Question

The value of \[{\sin ^{ - 1}}\left( {\dfrac{{2\sqrt 2 }}{3}} \right) + {\sin ^{ - 1}}\left( {\dfrac{1}{3}} \right)\] is:
A). \[\dfrac{\pi }{6}\]
B). \[\dfrac{\pi }{4}\]
C). \[\dfrac{\pi }{2}\]
D). \[\dfrac{{2\pi }}{3}\]
E). \[0\]

Answer 1

Hint: In the given question, we have been given an expression involving sum of inverse of two trigonometric expressions. In the two expressions, the functions are the same, but the arguments are different. We have to simplify and find the value of the expression. To do that, we are going to convert the expressions into such forms that their arguments become equal, it does not matter if we have to change the functions, so long as the arguments are becoming equal.

Formula used:
We are going to use the formula of sum of inverse of sine and cosine:
\[{\sin ^{ - 1}}A + {\cos ^{ - 1}}A = \dfrac{\pi }{2}\]

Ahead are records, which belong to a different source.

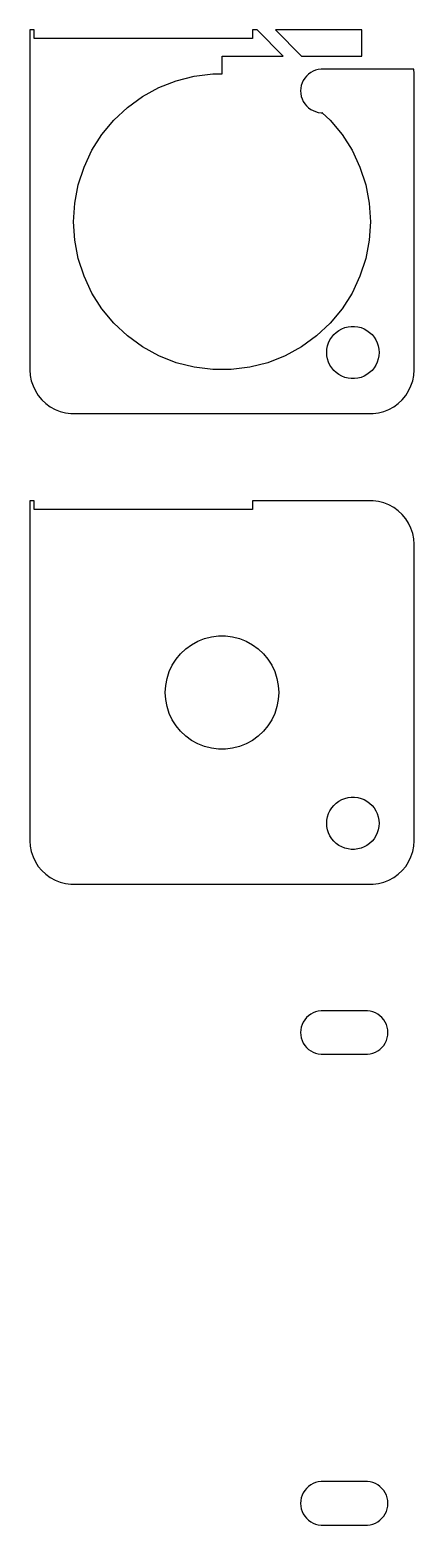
# Model space of a CAD drawing. Header units: metres. Extents: x -22 to 22, y 13 to 184.
import ezdxf

# ---------------------------------------------------------------- set-up
doc = ezdxf.new("R2010")
doc.units = ezdxf.units.M

msp = doc.modelspace()

# ---------------------------------------------------------------- linework, layer by layer
for p, q in [((-21.5, 184), (-22, 184)), ((-22, 184), (-22, 145)), ((-21.5, 183), (-21.5, 184)), ((4.00986, 183.99), (3.5, 183.99)), ((3.5, 183.99), (3.5, 183)), ((6.99998, 181), (4.00986, 183.99)), ((16, 183.99), (6.13118, 183.99)), ((6.13118, 183.99), (9.12131, 181)), ((16, 181), (16, 183.99)), ((3.5, 183), (-21.5, 183)), ((0, 178.966), (0, 181)), ((0, 181), (6.99998, 181)), ((9.12131, 181), (16, 181)), ((-5.25328, 178.168), (-3.18547, 178.699)), ((-3.18547, 178.699), (-1.06743, 178.966)), ((-1.06743, 178.966), (0, 178.966)), ((9.47745, 178.469), (9.30922, 178.204)), ((9.67757, 178.711), (9.47745, 178.469)), ((9.90643, 178.926), (9.67757, 178.711)), ((10.1604, 179.111), (9.90643, 178.926)), ((10.4355, 179.262), (10.1604, 179.111)), ((10.7274, 179.378), (10.4355, 179.262)), ((11.0315, 179.456), (10.7274, 179.378)), ((11.343, 179.495), (11.0315, 179.456)), ((11.5, 179.495), (11.343, 179.495)), ((21.9685, 179.5), (11.5, 179.5)), ((11.5, 179.5), (11.5, 179.495)), ((22, 179), (21.9685, 179.5)), ((22, 145), (22, 179)), ((-9.10905, 176.354), (-7.23824, 177.382)), ((-7.23824, 177.382), (-5.25328, 178.168)), ((9.0197, 177.313), (9, 177)), ((9, 177), (9.0197, 176.687)), ((9.07854, 177.622), (9.0197, 177.313)), ((9.0197, 176.687), (9.07854, 176.378)), ((9.17555, 177.92), (9.07854, 177.622)), ((9.30922, 178.204), (9.17555, 177.92)), ((-12.3925, 173.637), (-10.8362, 175.099)), ((-10.8362, 175.099), (-9.10905, 176.354)), ((9.07854, 176.378), (9.17555, 176.08)), ((9.17555, 176.08), (9.30922, 175.796)), ((9.30922, 175.796), (9.47745, 175.531)), ((9.47745, 175.531), (9.67757, 175.289)), ((9.67757, 175.289), (9.90643, 175.074)), ((9.90643, 175.074), (10.1604, 174.889)), ((-13.7533, 171.992), (-12.3925, 173.637)), ((10.1604, 174.889), (10.4355, 174.738)), ((10.4355, 174.738), (10.7274, 174.622)), ((10.7274, 174.622), (11.0315, 174.544)), ((11.0315, 174.544), (11.343, 174.505)), ((11.343, 174.505), (11.5, 174.505)), ((11.5, 174.5), (11.4738, 174.5)), ((11.4738, 174.5), (12.3925, 173.637)), ((11.5, 174.505), (11.5, 174.5)), ((12.3925, 173.637), (13.7533, 171.992)), ((-14.8972, 170.19), (-13.7533, 171.992)), ((13.7533, 171.992), (14.8972, 170.19)), ((-15.8062, 168.258), (-14.8972, 170.19)), ((14.8972, 170.19), (15.8062, 168.258)), ((-16.4659, 166.228), (-15.8062, 168.258)), ((15.8062, 168.258), (16.4659, 166.228)), ((-16.8659, 164.131), (-16.4659, 166.228)), ((16.4659, 166.228), (16.8659, 164.131)), ((-17, 162), (-16.8659, 164.131)), ((16.8659, 164.131), (17, 162)), ((-16.8659, 159.869), (-17, 162)), ((17, 162), (16.8659, 159.869)), ((-16.4659, 157.772), (-16.8659, 159.869)), ((16.8659, 159.869), (16.4659, 157.772)), ((-15.8062, 155.742), (-16.4659, 157.772)), ((16.4659, 157.772), (15.8062, 155.742)), ((-14.8972, 153.81), (-15.8062, 155.742)), ((15.8062, 155.742), (14.8972, 153.81)), ((-13.7533, 152.008), (-14.8972, 153.81)), ((14.8972, 153.81), (13.7533, 152.008)), ((-12.3925, 150.363), (-13.7533, 152.008)), ((13.7533, 152.008), (12.3925, 150.363)), ((-10.8362, 148.901), (-12.3925, 150.363)), ((12.3925, 150.363), (10.8362, 148.901)), ((12.8131, 149.054), (13.0877, 149.312)), ((13.0877, 149.312), (13.3925, 149.533)), ((13.3925, 149.533), (13.7227, 149.714)), ((13.7227, 149.714), (14.0729, 149.853)), ((14.0729, 149.853), (14.4379, 149.947)), ((14.4379, 149.947), (14.8116, 149.994)), ((14.8116, 149.994), (15.1884, 149.994)), ((15.1884, 149.994), (15.5621, 149.947)), ((15.5621, 149.947), (15.927, 149.853)), ((15.927, 149.853), (16.2773, 149.714)), ((16.2773, 149.714), (16.6075, 149.533)), ((16.6075, 149.533), (16.9123, 149.312)), ((16.9123, 149.312), (17.1869, 149.054)), ((-9.10905, 147.646), (-10.8362, 148.901)), ((-7.23824, 146.618), (-9.10905, 147.646)), ((9.10905, 147.646), (7.23824, 146.618)), ((10.8362, 148.901), (9.10905, 147.646)), ((12.0237, 147.376), (12.0942, 147.746)), ((12.0942, 147.746), (12.2107, 148.104)), ((12.2107, 148.104), (12.3711, 148.445)), ((12.3711, 148.445), (12.5729, 148.763)), ((12.5729, 148.763), (12.8131, 149.054)), ((17.1869, 149.054), (17.427, 148.763)), ((17.427, 148.763), (17.6289, 148.445)), ((17.6289, 148.445), (17.7893, 148.104)), ((17.7893, 148.104), (17.9057, 147.746)), ((17.9057, 147.746), (17.9763, 147.376)), ((-5.25328, 145.832), (-7.23824, 146.618)), ((-3.18547, 145.301), (-5.25328, 145.832)), ((5.25328, 145.832), (3.18547, 145.301)), ((7.23824, 146.618), (5.25328, 145.832)), ((12, 147), (12.0237, 147.376)), ((12.0237, 146.624), (12, 147)), ((12.0942, 146.254), (12.0237, 146.624)), ((12.2107, 145.896), (12.0942, 146.254)), ((12.3711, 145.555), (12.2107, 145.896)), ((17.7893, 145.896), (17.6289, 145.555)), ((17.9057, 146.254), (17.7893, 145.896)), ((17.9763, 146.624), (17.9057, 146.254)), ((17.9763, 147.376), (18, 147)), ((18, 147), (17.9763, 146.624)), ((-22, 145), (-21.9606, 144.373)), ((-21.9606, 144.373), (-21.8429, 143.757)), ((-1.06743, 145.034), (-3.18547, 145.301)), ((1.06743, 145.034), (-1.06743, 145.034)), ((3.18547, 145.301), (1.06743, 145.034)), ((12.5729, 145.237), (12.3711, 145.555)), ((12.8131, 144.946), (12.5729, 145.237)), ((13.0877, 144.688), (12.8131, 144.946)), ((13.3925, 144.467), (13.0877, 144.688)), ((13.7227, 144.286), (13.3925, 144.467)), ((14.0729, 144.147), (13.7227, 144.286)), ((14.4379, 144.053), (14.0729, 144.147)), ((15.927, 144.147), (15.5621, 144.053)), ((16.2773, 144.286), (15.927, 144.147)), ((16.6075, 144.467), (16.2773, 144.286)), ((16.9123, 144.688), (16.6075, 144.467)), ((17.1869, 144.946), (16.9123, 144.688)), ((17.427, 145.237), (17.1869, 144.946)), ((17.6289, 145.555), (17.427, 145.237)), ((21.8429, 143.757), (21.9606, 144.373)), ((21.9606, 144.373), (22, 145)), ((-21.8429, 143.757), (-21.6489, 143.159)), ((-21.6489, 143.159), (-21.3815, 142.591)), ((-21.3815, 142.591), (-21.0451, 142.061)), ((14.8116, 144.006), (14.4379, 144.053)), ((15.1884, 144.006), (14.8116, 144.006)), ((15.5621, 144.053), (15.1884, 144.006)), ((21.0451, 142.061), (21.3815, 142.591)), ((21.3815, 142.591), (21.6489, 143.159)), ((21.6489, 143.159), (21.8429, 143.757)), ((-21.0451, 142.061), (-20.6448, 141.577)), ((-20.6448, 141.577), (-20.1871, 141.147)), ((-20.1871, 141.147), (-19.6791, 140.778)), ((-19.6791, 140.778), (-19.1289, 140.476)), ((19.1289, 140.476), (19.6791, 140.778)), ((19.6791, 140.778), (20.1871, 141.147)), ((20.1871, 141.147), (20.6448, 141.577)), ((20.6448, 141.577), (21.0451, 142.061)), ((-19.1289, 140.476), (-18.5451, 140.245)), ((-18.5451, 140.245), (-17.9369, 140.089)), ((-17.9369, 140.089), (-17.3139, 140.01)), ((-17.3139, 140.01), (17.3139, 140.01)), ((17.3139, 140.01), (17.9369, 140.089)), ((17.9369, 140.089), (18.5451, 140.245)), ((18.5451, 140.245), (19.1289, 140.476)), ((-21.5, 130), (-22, 130)), ((-22, 130), (-22, 91)), ((-21.5, 129), (-21.5, 130)), ((3.5, 129), (-21.5, 129)), ((17.3139, 129.99), (3.5, 129.99)), ((3.5, 129.99), (3.5, 129)), ((17.9369, 129.911), (17.3139, 129.99)), ((18.5451, 129.755), (17.9369, 129.911)), ((19.1289, 129.524), (18.5451, 129.755)), ((19.6791, 129.222), (19.1289, 129.524)), ((20.1871, 128.853), (19.6791, 129.222)), ((20.6448, 128.423), (20.1871, 128.853)), ((21.0451, 127.939), (20.6448, 128.423)), ((21.3815, 127.409), (21.0451, 127.939)), ((21.6489, 126.841), (21.3815, 127.409)), ((21.8429, 126.243), (21.6489, 126.841)), ((21.9606, 125.627), (21.8429, 126.243)), ((22, 125), (21.9606, 125.627)), ((22, 91), (22, 125)), ((-4.14325, 113.008), (-3.48286, 113.488)), ((-3.48286, 113.488), (-2.76756, 113.881)), ((-2.76756, 113.881), (-2.00861, 114.182)), ((-2.00861, 114.182), (-1.21797, 114.385)), ((-1.21797, 114.385), (-0.40813, 114.487)), ((-0.40813, 114.487), (0.40813, 114.487)), ((0.40813, 114.487), (1.21797, 114.385)), ((1.21797, 114.385), (2.00861, 114.182)), ((2.00861, 114.182), (2.76756, 113.881)), ((2.76756, 113.881), (3.48286, 113.488)), ((3.48286, 113.488), (4.14325, 113.008)), ((-5.69598, 111.131), (-5.25861, 111.821)), ((-5.25861, 111.821), (-4.73828, 112.45)), ((-4.73828, 112.45), (-4.14325, 113.008)), ((4.14325, 113.008), (4.73828, 112.45)), ((4.73828, 112.45), (5.25861, 111.821)), ((5.25861, 111.821), (5.69598, 111.131)), ((-6.29578, 109.616), (-6.04353, 110.393)), ((-6.04353, 110.393), (-5.69598, 111.131)), ((5.69598, 111.131), (6.04353, 110.393)), ((6.04353, 110.393), (6.29578, 109.616)), ((-6.5, 108), (-6.44873, 108.815)), ((-6.44873, 108.815), (-6.29578, 109.616)), ((6.29578, 109.616), (6.44873, 108.815)), ((6.44873, 108.815), (6.5, 108)), ((-6.44873, 107.185), (-6.5, 108)), ((-6.29578, 106.384), (-6.44873, 107.185)), ((-6.04353, 105.607), (-6.29578, 106.384)), ((6.29578, 106.384), (6.04353, 105.607)), ((6.44873, 107.185), (6.29578, 106.384)), ((6.5, 108), (6.44873, 107.185)), ((-5.69598, 104.869), (-6.04353, 105.607)), ((-5.25861, 104.179), (-5.69598, 104.869)), ((5.69598, 104.869), (5.25861, 104.179)), ((6.04353, 105.607), (5.69598, 104.869)), ((-4.73828, 103.55), (-5.25861, 104.179)), ((-4.14325, 102.992), (-4.73828, 103.55)), ((-3.48286, 102.512), (-4.14325, 102.992)), ((4.14325, 102.992), (3.48286, 102.512)), ((4.73828, 103.55), (4.14325, 102.992)), ((5.25861, 104.179), (4.73828, 103.55)), ((-2.76756, 102.119), (-3.48286, 102.512)), ((-2.00861, 101.818), (-2.76756, 102.119)), ((-1.21797, 101.615), (-2.00861, 101.818)), ((-0.40813, 101.513), (-1.21797, 101.615)), ((0.40813, 101.513), (-0.40813, 101.513)), ((1.21797, 101.615), (0.40813, 101.513)), ((2.00861, 101.818), (1.21797, 101.615)), ((2.76756, 102.119), (2.00861, 101.818)), ((3.48286, 102.512), (2.76756, 102.119)), ((12.2107, 94.1044), (12.3711, 94.4453)), ((12.3711, 94.4453), (12.5729, 94.7634)), ((12.5729, 94.7634), (12.8131, 95.0536)), ((12.8131, 95.0536), (13.0877, 95.3116)), ((13.0877, 95.3116), (13.3925, 95.533)), ((13.3925, 95.533), (13.7227, 95.7145)), ((13.7227, 95.7145), (14.0729, 95.8532)), ((14.0729, 95.8532), (14.4379, 95.9469)), ((14.4379, 95.9469), (14.8116, 95.9941)), ((14.8116, 95.9941), (15.1884, 95.9941)), ((15.1884, 95.9941), (15.5621, 95.9469)), ((15.5621, 95.9469), (15.927, 95.8532)), ((15.927, 95.8532), (16.2773, 95.7145)), ((16.2773, 95.7145), (16.6075, 95.533)), ((16.6075, 95.533), (16.9123, 95.3116)), ((16.9123, 95.3116), (17.1869, 95.0536)), ((17.1869, 95.0536), (17.427, 94.7634)), ((17.427, 94.7634), (17.6289, 94.4453)), ((17.6289, 94.4453), (17.7893, 94.1044)), ((12, 93), (12.0237, 93.376)), ((12.0237, 92.624), (12, 93)), ((12.0237, 93.376), (12.0942, 93.7461)), ((12.0942, 92.2539), (12.0237, 92.624)), ((12.0942, 93.7461), (12.2107, 94.1044)), ((17.7893, 94.1044), (17.9057, 93.7461)), ((17.9057, 93.7461), (17.9763, 93.376)), ((17.9763, 92.624), (17.9057, 92.2539)), ((17.9763, 93.376), (18, 93)), ((18, 93), (17.9763, 92.624)), ((-22, 91), (-21.9606, 90.3733)), ((12.2107, 91.8956), (12.0942, 92.2539)), ((12.3711, 91.5547), (12.2107, 91.8956)), ((12.5729, 91.2366), (12.3711, 91.5547)), ((12.8131, 90.9464), (12.5729, 91.2366)), ((13.0877, 90.6885), (12.8131, 90.9464)), ((17.1869, 90.9464), (16.9123, 90.6885)), ((17.427, 91.2366), (17.1869, 90.9464)), ((17.6289, 91.5547), (17.427, 91.2366)), ((17.7893, 91.8956), (17.6289, 91.5547)), ((17.9057, 92.2539), (17.7893, 91.8956)), ((21.9606, 90.3733), (22, 91)), ((-21.9606, 90.3733), (-21.8429, 89.7566)), ((-21.8429, 89.7566), (-21.6489, 89.1594)), ((13.3925, 90.467), (13.0877, 90.6885)), ((13.7227, 90.2855), (13.3925, 90.467)), ((14.0729, 90.1468), (13.7227, 90.2855)), ((14.4379, 90.0531), (14.0729, 90.1468)), ((14.8116, 90.0059), (14.4379, 90.0531)), ((15.1884, 90.0059), (14.8116, 90.0059)), ((15.5621, 90.0531), (15.1884, 90.0059)), ((15.927, 90.1468), (15.5621, 90.0531)), ((16.2773, 90.2855), (15.927, 90.1468)), ((16.6075, 90.467), (16.2773, 90.2855)), ((16.9123, 90.6885), (16.6075, 90.467)), ((21.6489, 89.1594), (21.8429, 89.7566)), ((21.8429, 89.7566), (21.9606, 90.3733)), ((-21.6489, 89.1594), (-21.3815, 88.5912)), ((-21.3815, 88.5912), (-21.0451, 88.0611)), ((-21.0451, 88.0611), (-20.6448, 87.5773)), ((-20.6448, 87.5773), (-20.1871, 87.1474)), ((20.1871, 87.1474), (20.6448, 87.5773)), ((20.6448, 87.5773), (21.0451, 88.0611)), ((21.0451, 88.0611), (21.3815, 88.5912)), ((21.3815, 88.5912), (21.6489, 89.1594)), ((-20.1871, 87.1474), (-19.6791, 86.7784)), ((-19.6791, 86.7784), (-19.1289, 86.4759)), ((-19.1289, 86.4759), (-18.5451, 86.2447)), ((-18.5451, 86.2447), (-17.9369, 86.0886)), ((-17.9369, 86.0886), (-17.3139, 86.0099)), ((-17.3139, 86.0099), (17.3139, 86.0099)), ((17.3139, 86.0099), (17.9369, 86.0886)), ((17.9369, 86.0886), (18.5451, 86.2447)), ((18.5451, 86.2447), (19.1289, 86.4759)), ((19.1289, 86.4759), (19.6791, 86.7784)), ((19.6791, 86.7784), (20.1871, 87.1474)), ((9.47745, 70.4695), (9.30922, 70.2044)), ((9.67757, 70.7114), (9.47745, 70.4695)), ((9.90643, 70.9263), (9.67757, 70.7114)), ((10.1604, 71.1108), (9.90643, 70.9263)), ((10.4355, 71.2621), (10.1604, 71.1108)), ((10.7274, 71.3776), (10.4355, 71.2621)), ((11.0315, 71.4557), (10.7274, 71.3776)), ((11.343, 71.4951), (11.0315, 71.4557)), ((16.657, 71.4951), (11.343, 71.4951)), ((16.9684, 71.4557), (16.657, 71.4951)), ((17.2725, 71.3776), (16.9684, 71.4557)), ((17.5644, 71.2621), (17.2725, 71.3776)), ((17.8396, 71.1108), (17.5644, 71.2621)), ((18.0936, 70.9263), (17.8396, 71.1108)), ((18.3224, 70.7114), (18.0936, 70.9263)), ((18.5225, 70.4695), (18.3224, 70.7114)), ((18.6908, 70.2044), (18.5225, 70.4695)), ((9.0197, 69.3133), (9, 69)), ((9, 69), (9.0197, 68.6867)), ((9.07854, 69.6217), (9.0197, 69.3133)), ((9.0197, 68.6867), (9.07854, 68.3783)), ((9.17555, 69.9203), (9.07854, 69.6217)), ((9.30922, 70.2044), (9.17555, 69.9203)), ((18.8244, 69.9203), (18.6908, 70.2044)), ((18.9214, 69.6217), (18.8244, 69.9203)), ((18.9803, 69.3133), (18.9214, 69.6217)), ((18.9214, 68.3783), (18.9803, 68.6867)), ((19, 69), (18.9803, 69.3133)), ((18.9803, 68.6867), (19, 69)), ((9.07854, 68.3783), (9.17555, 68.0797)), ((9.17555, 68.0797), (9.30922, 67.7956)), ((9.30922, 67.7956), (9.47745, 67.5305)), ((9.47745, 67.5305), (9.67757, 67.2886)), ((9.67757, 67.2886), (9.90643, 67.0737)), ((9.90643, 67.0737), (10.1604, 66.8892)), ((10.1604, 66.8892), (10.4355, 66.7379)), ((17.5644, 66.7379), (17.8396, 66.8892)), ((17.8396, 66.8892), (18.0936, 67.0737)), ((18.0936, 67.0737), (18.3224, 67.2886)), ((18.3224, 67.2886), (18.5225, 67.5305)), ((18.5225, 67.5305), (18.6908, 67.7956)), ((18.6908, 67.7956), (18.8244, 68.0797)), ((18.8244, 68.0797), (18.9214, 68.3783)), ((10.4355, 66.7379), (10.7274, 66.6223)), ((10.7274, 66.6223), (11.0315, 66.5443)), ((11.0315, 66.5443), (11.343, 66.5049)), ((11.343, 66.5049), (16.657, 66.5049)), ((16.657, 66.5049), (16.9684, 66.5443)), ((16.9684, 66.5443), (17.2725, 66.6223)), ((17.2725, 66.6223), (17.5644, 66.7379)), ((10.4355, 17.2621), (10.1604, 17.1108)), ((10.7274, 17.3776), (10.4355, 17.2621)), ((11.0315, 17.4557), (10.7274, 17.3776)), ((11.343, 17.4951), (11.0315, 17.4557)), ((16.657, 17.4951), (11.343, 17.4951)), ((16.9684, 17.4557), (16.657, 17.4951)), ((17.2725, 17.3776), (16.9684, 17.4557)), ((17.5644, 17.2621), (17.2725, 17.3776)), ((17.8396, 17.1108), (17.5644, 17.2621)), ((9.07854, 15.6217), (9.0197, 15.3133)), ((9.17555, 15.9203), (9.07854, 15.6217)), ((9.30922, 16.2044), (9.17555, 15.9203)), ((9.47745, 16.4695), (9.30922, 16.2044)), ((9.67757, 16.7114), (9.47745, 16.4695)), ((9.90643, 16.9263), (9.67757, 16.7114)), ((10.1604, 17.1108), (9.90643, 16.9263)), ((18.0936, 16.9263), (17.8396, 17.1108)), ((18.3224, 16.7114), (18.0936, 16.9263)), ((18.5225, 16.4695), (18.3224, 16.7114)), ((18.6908, 16.2044), (18.5225, 16.4695)), ((18.8244, 15.9203), (18.6908, 16.2044)), ((18.9214, 15.6217), (18.8244, 15.9203)), ((18.9803, 15.3133), (18.9214, 15.6217)), ((9.0197, 15.3133), (9, 15)), ((9, 15), (9.0197, 14.6867)), ((9.0197, 14.6867), (9.07854, 14.3783)), ((9.07854, 14.3783), (9.17555, 14.0797)), ((9.17555, 14.0797), (9.30922, 13.7956)), ((9.30922, 13.7956), (9.47745, 13.5305)), ((18.5225, 13.5305), (18.6908, 13.7956)), ((18.6908, 13.7956), (18.8244, 14.0797)), ((18.8244, 14.0797), (18.9214, 14.3783)), ((18.9214, 14.3783), (18.9803, 14.6867)), ((19, 15), (18.9803, 15.3133)), ((18.9803, 14.6867), (19, 15)), ((9.47745, 13.5305), (9.67757, 13.2886)), ((9.67757, 13.2886), (9.90643, 13.0737)), ((9.90643, 13.0737), (10.1604, 12.8892)), ((10.1604, 12.8892), (10.4355, 12.7379)), ((10.4355, 12.7379), (10.7274, 12.6223)), ((10.7274, 12.6223), (11.0315, 12.5443)), ((11.0315, 12.5443), (11.343, 12.5049)), ((11.343, 12.5049), (16.657, 12.5049)), ((16.657, 12.5049), (16.9684, 12.5443)), ((16.9684, 12.5443), (17.2725, 12.6223)), ((17.2725, 12.6223), (17.5644, 12.7379)), ((17.5644, 12.7379), (17.8396, 12.8892)), ((17.8396, 12.8892), (18.0936, 13.0737)), ((18.0936, 13.0737), (18.3224, 13.2886)), ((18.3224, 13.2886), (18.5225, 13.5305))]:
    msp.add_line(p, q)

doc.saveas('drawing.dxf')

Complete step by step solution:
We have to solve \[p = {\sin ^{ - 1}}\left( {\dfrac{{2\sqrt 2 }}{3}} \right) + {\sin ^{ - 1}}\left( {\dfrac{1}{3}} \right)\].
Let \[k = {\sin ^{ - 1}}\left( {\dfrac{{2\sqrt 2 }}{3}} \right)\], then,
\[\sin k = \dfrac{{2\sqrt 2 }}{3}\]
Now, we know, \[{\sin ^2}\theta + {\cos ^2}\theta = 1\]
So, we have,
\[{\sin ^2}k + {\cos ^2}k = 1\]
Putting in the value,
\[\dfrac{8}{9} + {\cos ^2}k = 1 \Rightarrow {\cos ^2}k = \dfrac{1}{9}\]
So, \[\cos k = \dfrac{1}{3} \Rightarrow k = {\cos ^{ - 1}}\left( {\dfrac{1}{3}} \right)\]
Hence, we get,
\[p = {\cos ^{ - 1}}\left( {\dfrac{1}{3}} \right) + {\sin ^{ - 1}}\left( {\dfrac{1}{3}} \right)\]
Using the formula of sum of inverse of sine and cosine:
\[{\sin ^{ - 1}}A + {\cos ^{ - 1}}A = \dfrac{\pi }{2}\]
\[p = \dfrac{\pi }{2}\]
Hence, the correct option is C.

Note: In the given question, we had to find the value of an expression in which we were given two trigonometric expressions involving the sum of inverses of two equal functions but different arguments. We had to solve that. We did it by making the arguments equal by using the appropriate identities and formulae. It is thus very important that we know all the basics of the concept of inverses and know how to transform one expression to another.